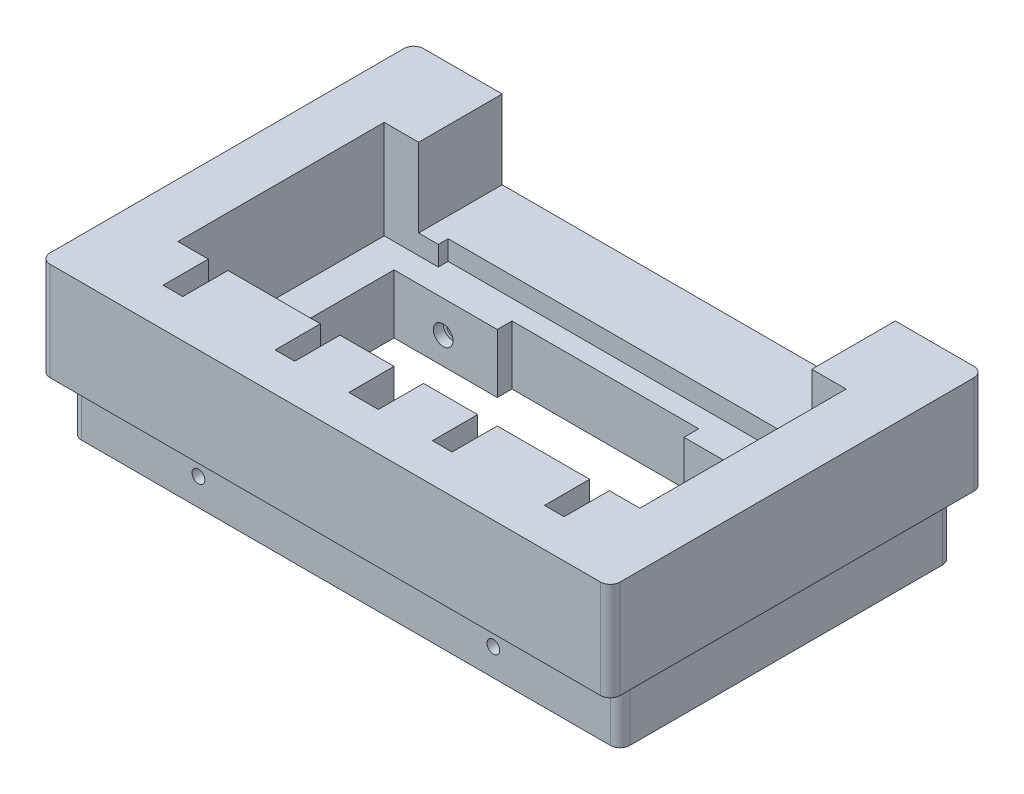
SolidWorks part; units mm, degrees
ref_plane "Front Plane" through (0, 0, 0) normal (0, 0, 1) x (1, 0, 0)
ref_plane "Top Plane" through (0, 0, 0) normal (0, 1, 0) x (1, 0, 0)
ref_plane "Right Plane" through (0, 0, 0) normal (1, 0, 0) x (0, 0, -1)
sketch "Sketch1" plane through (0, 0, 0) normal (0, 1, 0) x (1, 0, 0)
  line L1 (-139.5, 84.5) -> (139.5, 84.5)
  line L2 (-139.5, 84.5) -> (-139.5, -84.5)
  line L3 (-139.5, -84.5) -> (139.5, -84.5)
  line L4 (139.5, 84.5) -> (139.5, -84.5)
  line L5 (-139.5, 84.5) -> (139.5, -84.5) construction
  line L6 (-139.5, -84.5) -> (139.5, 84.5) construction
  point P0 (0, 0)
  dimension "D1" = 169
  dimension "D2" = 279
extrude "Boss-Extrude1" add sketch "Sketch1" against normal blind 30
sketch "Sketch2" plane through (0, 0, 0) normal (0, 1, 0) x (1, 0, 0)
  line L1 (-145, 95) -> (145, 95)
  line L2 (-145, 95) -> (-145, -95)
  line L3 (-145, -95) -> (145, -95)
  line L4 (145, 95) -> (145, -95)
  line L5 (-145, 95) -> (145, -95) construction
  line L6 (-145, -95) -> (145, 95) construction
  point P0 (0, 0)
  dimension "D1" = 190
  dimension "D2" = 290
extrude "Boss-Extrude2" add sketch "Sketch2" along normal blind 50
fillet "Fillet1" radius 5 4 edges at (-139.5, -15, -84.5) (139.5, -15, -84.5) (139.5, -15, 84.5) (-139.5, -15, 84.5)
fillet "Fillet2" radius 5 4 edges at (145, 25, -95) (145, 25, 95) (-145, 25, -95) (-145, 25, 95)
sketch "Sketch3" plane through (0, 50, 0) normal (0, 1, 0) x (1, 0, 0)
  line L1 (-117.5, 52.5) -> (117.5, 52.5)
  line L2 (-117.5, 52.5) -> (-117.5, -52.5)
  line L3 (-117.5, -52.5) -> (117.5, -52.5)
  line L4 (117.5, 52.5) -> (117.5, -52.5)
  line L5 (-117.5, 52.5) -> (117.5, -52.5) construction
  line L6 (-117.5, -52.5) -> (117.5, 52.5) construction
  point P0 (0, 0)
  dimension "D1" = 235
  dimension "D2" = 105
extrude "Cut-Extrude1" cut sketch "Sketch3" against normal blind 50
sketch "Sketch4" plane through (0, 0, 0) normal (0, 1, 0) x (1, 0, 0)
  line L1 (-100, 40) -> (100, 40)
  line L2 (-100, 40) -> (-100, -40)
  line L3 (-100, -40) -> (100, -40)
  line L4 (100, 40) -> (100, -40)
  line L5 (-100, 40) -> (100, -40) construction
  line L6 (-100, -40) -> (100, 40) construction
  point P0 (0, 0)
  dimension "D1" = 200
  dimension "D2" = 80
extrude "Cut-Extrude2" cut sketch "Sketch4" against normal blind 50
sketch "Sketch5" plane through (0, 50, 0) normal (0, 1, 0) x (1, 0, 0)
  line L0 (117.5, 52.5) -> (-117.5, 52.5) construction
  line L1 (-90, 52.5) -> (90, 52.5)
  line L2 (-90, 52.5) -> (-90, 57.5)
  line L3 (-90, 57.5) -> (90, 57.5)
  line L4 (90, 52.5) -> (90, 57.5)
  line L5 (0, 0) -> (0, 57.5) construction
  dimension "D1" = 5
  dimension "D2" = 180
extrude "Cut-Extrude3" cut sketch "Sketch5" against normal blind 50
sketch "Sketch6" plane through (0, 0, 0) normal (0, 1, 0) x (1, 0, 0)
  line L1 (-47.5, -47.5) -> (47.5, -47.5)
  line L2 (-47.5, -47.5) -> (-47.5, 47.5)
  line L3 (-47.5, 47.5) -> (47.5, 47.5)
  line L4 (47.5, -47.5) -> (47.5, 47.5)
  line L5 (-47.5, -47.5) -> (47.5, 47.5) construction
  line L6 (-47.5, 47.5) -> (47.5, -47.5) construction
  point P0 (0, 0)
  dimension "D1" = 95
extrude "Cut-Extrude4" cut sketch "Sketch6" against normal blind 50
sketch "Sketch7" plane through (0, 50, 0) normal (0, 1, 0) x (1, 0, 0)
  line L0 (-117.5, -52.5) -> (117.5, -52.5) construction
  line L1 (-7.5, -52.5) -> (7.5, -52.5)
  line L2 (-7.5, -52.5) -> (-7.5, -75.5)
  line L3 (-7.5, -75.5) -> (7.5, -75.5)
  line L4 (7.5, -52.5) -> (7.5, -75.5)
  line L5 (-117.5, -52.5) -> (117.5, -52.5) construction
  line L6 (45, -52.5) -> (35, -52.5)
  line L7 (45, -52.5) -> (45, -75.5)
  line L8 (45, -75.5) -> (35, -75.5)
  line L9 (35, -52.5) -> (35, -75.5)
  line L10 (0, 0) -> (0, -52.5) construction
  line L11 (-45, -52.5) -> (-35, -52.5)
  line L12 (-45, -52.5) -> (-45, -75.5)
  line L13 (-45, -75.5) -> (-35, -75.5)
  line L14 (-35, -52.5) -> (-35, -75.5)
  line L15 (92, -52.5) -> (102, -52.5)
  line L16 (92, -52.5) -> (92, -75.5)
  line L17 (92, -75.5) -> (102, -75.5)
  line L18 (102, -52.5) -> (102, -75.5)
  line L19 (-102, -52.5) -> (-92, -52.5)
  line L20 (-102, -52.5) -> (-102, -75.5)
  line L21 (-102, -75.5) -> (-92, -75.5)
  line L22 (-92, -52.5) -> (-92, -75.5)
  line L23 (-97, -52.5) -> (-97, -75.5) construction
  line L24 (-40, -52.5) -> (-40, -75.5) construction
  line L25 (40, -52.5) -> (40, -75.5) construction
  line L26 (97, -52.5) -> (97, -75.5) construction
  dimension "D1" = 15
  dimension "D2" = 23
  dimension "D3" = 10
  dimension "D4" = 194
  dimension "D5" = 80
extrude "Cut-Extrude5" cut sketch "Sketch7" against normal blind 50
sketch "Sketch8" plane through (0, 0, -84.5) normal (0, 0, -1) x (-1, 0, 0)
  line L0 (0, 0) -> (0, -30) construction
  line L1 (-134.5, 0) -> (134.5, 0) construction
  line L2 (-134.5, -30) -> (134.5, -30) construction
  line L3 (0, -16.25) -> (75, -16.25) construction
  line L4 (0, -16.25) -> (-75, -16.25) construction
  line L6 (-75, -13) -> (75, -13) construction
  line L7 (-140, 0) -> (140, 0) construction
  circle A0 centre (75, -16.25) radius 3.25
  circle A1 centre (-75, -16.25) radius 3.25
  dimension "D3" = 6.5
  dimension "D1" = 150
  dimension "D2" = 13
extrude "Cut-Extrude6" cut sketch "Sketch8" against normal through all
sketch "Sketch9" plane through (0, 0, 0) normal (0, 0, 1) x (1, 0, 0)
  circle A0 centre (-75, -16.25) radius 5
  circle A1 centre (75, -16.25) radius 5
  dimension "D1" = 10
  dimension "D2" = 10
extrude "Cut-Extrude7" cut sketch "Sketch9" against normal blind 45 and the other way blind 45
sketch "Sketch10" plane through (0, 50, 0) normal (0, 1, 0) x (1, 0, 0)
  line L1 (-0.5, -100) -> (0.5, -100)
  line L2 (-0.5, -100) -> (-0.5, 100)
  line L3 (-0.5, 100) -> (0.5, 100)
  line L4 (0.5, -100) -> (0.5, 100)
  line L5 (-0.5, -100) -> (0.5, 100) construction
  line L6 (-0.5, 100) -> (0.5, -100) construction
  point P0 (0, 0)
  dimension "D1" = 200
  dimension "D2" = 1
extrude "Cut-Extrude8" [suppressed] cut sketch "Sketch10" against normal blind 106.3
sketch "Sketch11" plane through (0, 0, -95) normal (0, 0, -1) x (-1, 0, 0)
  line L0 (-140, 50) -> (140, 50) construction
  line L1 (-100, 50) -> (100, 50)
  line L2 (-100, 50) -> (-100, 10)
  line L3 (-100, 10) -> (100, 10)
  line L4 (100, 50) -> (100, 10)
  line L5 (0, 0) -> (0, 71.4161) construction
  line L6 (-134.5, 0) -> (134.5, 0) construction
  dimension "D1" = 200
  dimension "D2" = 10
extrude "Cut-Extrude9" cut sketch "Sketch11" against normal blind 50

• **YOUR OBJECTIVE**:
Each line from the start of the entries above through the line with "line L4 (145, 95) -> (145, -95)" should be duplicated exactly, leaving out the pictures.

• **ANSWER**:
SolidWorks part; units mm, degrees
ref_plane "Front Plane" through (0, 0, 0) normal (0, 0, 1) x (1, 0, 0)
ref_plane "Top Plane" through (0, 0, 0) normal (0, 1, 0) x (1, 0, 0)
ref_plane "Right Plane" through (0, 0, 0) normal (1, 0, 0) x (0, 0, -1)
sketch "Sketch1" plane through (0, 0, 0) normal (0, 1, 0) x (1, 0, 0)
  line L1 (-139.5, 84.5) -> (139.5, 84.5)
  line L2 (-139.5, 84.5) -> (-139.5, -84.5)
  line L3 (-139.5, -84.5) -> (139.5, -84.5)
  line L4 (139.5, 84.5) -> (139.5, -84.5)
  line L5 (-139.5, 84.5) -> (139.5, -84.5) construction
  line L6 (-139.5, -84.5) -> (139.5, 84.5) construction
  point P0 (0, 0)
  dimension "D1" = 169
  dimension "D2" = 279
extrude "Boss-Extrude1" add sketch "Sketch1" against normal blind 30
sketch "Sketch2" plane through (0, 0, 0) normal (0, 1, 0) x (1, 0, 0)
  line L1 (-145, 95) -> (145, 95)
  line L2 (-145, 95) -> (-145, -95)
  line L3 (-145, -95) -> (145, -95)
  line L4 (145, 95) -> (145, -95)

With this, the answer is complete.